I have a query about comparing binned data (and the theoretical validity of doing so) and would be very grateful if anyone can help. In one of our experiments, we're detecting the distribution of two types of cells from a feature in histological data. This data is noisy, and in the combined data sets, Cell Type 1 is much more common (792,859 cells detected) than Cell Type 2 (216,634 cells detected). The distribution of these cells from the feature is shown below (figure (a)). If I'm not mistaken (and I may very well be) as these are distinctly not normal distributions, a non-parameterized tests like the two-sample Kolmogorov-Smirnov test should illuminate where these distributions differ. If I perform this test in Matlab on the raw data (kstest2), it rejects the null hypothesis with a p = 1.69 x 10E-9, suggesting very significant differences between the twain.

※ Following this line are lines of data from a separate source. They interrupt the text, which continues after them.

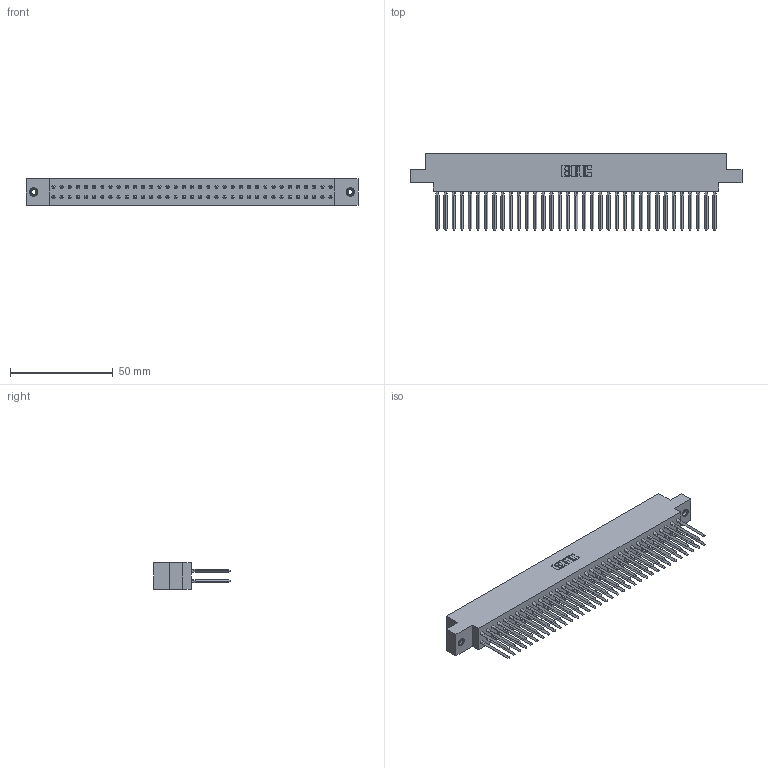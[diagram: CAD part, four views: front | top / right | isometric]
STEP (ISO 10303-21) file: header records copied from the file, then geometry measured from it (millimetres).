
FILE_DESCRIPTION (( 'STEP AP203' ), '1' );
FILE_NAME ('317-070-542-878.STEP', '2020-02-28T07:11:31', ( '' ), ( '' ), 'SwSTEP 2.0', 'SolidWorks 2016', '' );
FILE_SCHEMA (( 'CONFIG_CONTROL_DESIGN' ));
Length unit declared in the file: inch
Products named in the file (4): 317-290-003_542; 345-250-001_345-250-003-102; 317 Part_.156 Dia - TI; 317-070-542-878
Assembly tree (73 placements, depth 2):
  317-070-542-878
    317 Part_.156 Dia - TI
    317-290-003_542  x70
    345-250-001_345-250-003-102  x2
Bounding box: 161.39 x 37.34 x 12.7 mm (x, y, z)
Volume: 26199.6 mm3; surface area: 36230.8 mm2
Topology: 73 solids, 73 shells, 4152 faces, 11611 edges, 7406 vertices
Faces by surface type: plane 3310, cylinder 546, bspline 280, cone 12, torus 4
Entity records: 51772 total; most frequent: CARTESIAN_POINT 9252, ORIENTED_EDGE 8908, DIRECTION 7544, EDGE_CURVE 4454, LINE 4264, VECTOR 4264, VERTEX_POINT 2960, AXIS2_PLACEMENT_3D 1640

However, I also know the algorithm and data is noisy, and is probably only accurate to 20 microns - so if I then bin the data into 20 micron groupings, as shown below in figure (b). Now if I run the KS two sample test on the binned data, the null hypothesis is accepted with p = 0.056.
My query is which is best practice, and why the discrepancy between results? I should note that my suspicion is that these cells have essentially the same distribution but different frequency, but rather than mangle the statistics I thought I'd ask the experts - thanks in advance for anything you can tell me!